# Clutch adjustment?



## Papa Rad17 (May 19, 2015)

With any manual transmission you should engage the clutch completely to do anything. My Alero and cruze both require you to, however the alero being 15 years old and 231,000 miles is much more forgiving. On Gen1 cruze the clutch pedal is linked to a rheostat (pot) that sends a variable voltage to the computer for the electronic side of things. You could measure the resistance and rig something up for that if you wanted. As for the mechanical side of things, completely pressing the clutch pedal will be much, much better for it.


----------



## 28c_Beta (Sep 18, 2016)

jjsimmers said:


> Does anyone know if/how to adjust the clutch pedal height? Mine requires you to push it almost all the way to the floor! My 2000 Sonoma was MUCH higher.
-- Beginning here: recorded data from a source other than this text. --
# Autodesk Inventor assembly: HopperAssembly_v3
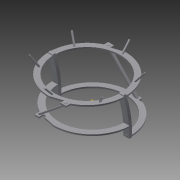
[picture p0: Inventor's stored thumbnail of the model, 180x180]
Saved by Autodesk Inventor 2013 (Build 170138000, 138)
## iProperties
Created: 2013-01-17
Part Number: HopperAssembly_v3
Document SubType Name: Assembly
Designer: twsass
Author: twsass
## Documents named in this file (8)
- E:\Robotics\Hopper\HopperAssembly_v3.iam
- E:\Robotics\Hopper\TopHoopSection_v4.ipt
- E:\Robotics\Hopper\HopperFrontSupport_v2.ipt
- E:\Robotics\Hopper\BottomHoop_v1.ipt
- E:\Robotics\Hopper\MiddleHoop.ipt
- E:\Robotics\Hopper\1Piecelongsupport_v1.ipt
- E:\Robotics\Hopper\1Pieceshortsupport_v1.ipt
- E:\Robotics\Hopper\Funneling_v1.ipt
## Components (14 placed, 7 different names)
1. TopHoopSection_v4:1 — Mate:113, Mate:114, Mate:115, Mate:131, Mate:132, Mate:133, Mate:134, Mate:135, Mate:136, Mate:137, Mate:138, Mate:139
2. HopperFrontSupport_v2:2 — Mate:78, Mate:79, Mate:80, Mate:107, Mate:108, Mate:109, Mate:116, Mate:117, Mate:118
3. TopHoopSection_v4:2 — Mate:116, Mate:117, Mate:118, Mate:122, Mate:123, Mate:124, Mate:125, Mate:126, Mate:127, Mate:128, Mate:129, Mate:130
4. BottomHoop_v1:1 — Mate:64, Mate:65, Mate:66, Mate:78, Mate:79, Mate:80, Mate:87, Mate:119, Mate:120, Mate:121
5. MiddleHoop:1 — Mate:107, Mate:108, Mate:109, Mate:110, Mate:111, Mate:112
6. HopperFrontSupport_v2:3 — Mate:64, Mate:65, Mate:66, Mate:113, Mate:114, Mate:115
7. 1Piecelongsupport_v1:1 — Mate:87, Mate:119, Mate:120, Mate:121
8. 1Pieceshortsupport_v1:1 — Mate:110, Mate:111, Mate:112
9. Funneling_v1:1 — Mate:134, Mate:135, Mate:136
10. Funneling_v1:2 — Mate:122, Mate:123, Mate:124
11. Funneling_v1:3 — Mate:131, Mate:132, Mate:133
12. Funneling_v1:4 — Mate:125, Mate:126, Mate:127
13. Funneling_v1:5 — Mate:137, Mate:138, Mate:139
14. Funneling_v1:6 — Mate:128, Mate:129, Mate:130
## Relationships (40: Mate 40)
- Mate:64: BottomHoop_v1:1 ↔ HopperFrontSupport_v2:3
- Mate:65: BottomHoop_v1:1 ↔ HopperFrontSupport_v2:3
- Mate:66: BottomHoop_v1:1 ↔ HopperFrontSupport_v2:3
- Mate:78: HopperFrontSupport_v2:2 ↔ BottomHoop_v1:1
- Mate:79: HopperFrontSupport_v2:2 ↔ BottomHoop_v1:1
- Mate:80: HopperFrontSupport_v2:2 ↔ BottomHoop_v1:1
- Mate:87: BottomHoop_v1:1 ↔ 1Piecelongsupport_v1:1
- Mate:107: HopperFrontSupport_v2:2 ↔ MiddleHoop:1
- Mate:108: HopperFrontSupport_v2:2 ↔ MiddleHoop:1
- Mate:109: HopperFrontSupport_v2:2 ↔ MiddleHoop:1
- Mate:110: MiddleHoop:1 ↔ 1Pieceshortsupport_v1:1
- Mate:111: MiddleHoop:1 ↔ 1Pieceshortsupport_v1:1
- Mate:112: MiddleHoop:1 ↔ 1Pieceshortsupport_v1:1
- Mate:113: TopHoopSection_v4:1 ↔ HopperFrontSupport_v2:3
- Mate:114: TopHoopSection_v4:1 ↔ HopperFrontSupport_v2:3
- Mate:115: TopHoopSection_v4:1 ↔ HopperFrontSupport_v2:3
- Mate:116: HopperFrontSupport_v2:2 ↔ TopHoopSection_v4:2
- Mate:117: HopperFrontSupport_v2:2 ↔ TopHoopSection_v4:2
- Mate:118: HopperFrontSupport_v2:2 ↔ TopHoopSection_v4:2
- Mate:119: BottomHoop_v1:1 ↔ 1Piecelongsupport_v1:1
- Mate:120: BottomHoop_v1:1 ↔ 1Piecelongsupport_v1:1
- Mate:121: BottomHoop_v1:1 ↔ 1Piecelongsupport_v1:1
- Mate:122: TopHoopSection_v4:2 ↔ Funneling_v1:2
- Mate:123: TopHoopSection_v4:2 ↔ Funneling_v1:2
- Mate:124: TopHoopSection_v4:2 ↔ Funneling_v1:2
- Mate:125: TopHoopSection_v4:2 ↔ Funneling_v1:4
- Mate:126: TopHoopSection_v4:2 ↔ Funneling_v1:4
- Mate:127: TopHoopSection_v4:2 ↔ Funneling_v1:4
- Mate:128: TopHoopSection_v4:2 ↔ Funneling_v1:6
- Mate:129: TopHoopSection_v4:2 ↔ Funneling_v1:6
- Mate:130: TopHoopSection_v4:2 ↔ Funneling_v1:6
- Mate:131: TopHoopSection_v4:1 ↔ Funneling_v1:3
- Mate:132: TopHoopSection_v4:1 ↔ Funneling_v1:3
- Mate:133: TopHoopSection_v4:1 ↔ Funneling_v1:3
- Mate:134: TopHoopSection_v4:1 ↔ Funneling_v1:1
- Mate:135: TopHoopSection_v4:1 ↔ Funneling_v1:1
- Mate:136: TopHoopSection_v4:1 ↔ Funneling_v1:1
- Mate:137: TopHoopSection_v4:1 ↔ Funneling_v1:5
- Mate:138: TopHoopSection_v4:1 ↔ Funneling_v1:5
- Mate:139: TopHoopSection_v4:1 ↔ Funneling_v1:5

Thx for any assistance


Very interesting, my Cruze has about an inch and a half of give before I feel the plates catching.


----------



## Cruze CTRL (Sep 16, 2021)

Resurrecting an old thread..
Hi everyone, my clutch pedal needs to go 'to the metal' for any gear change. 
The 'biting point' is so far down to the floor it's annoying, and getting worse by the day to be able to properly disengage.
I need to adjust the clutch pedal position, away from the master cylinder.
Does anyone know how to do this? I have Gen1 (2013) 1.4L.


----------



## Cruzing12 (Oct 10, 2020)

Non adjustible if I remember correctly. It may be time for a new accumulator. Or an accumulator delete to get the extra mm out of it


----------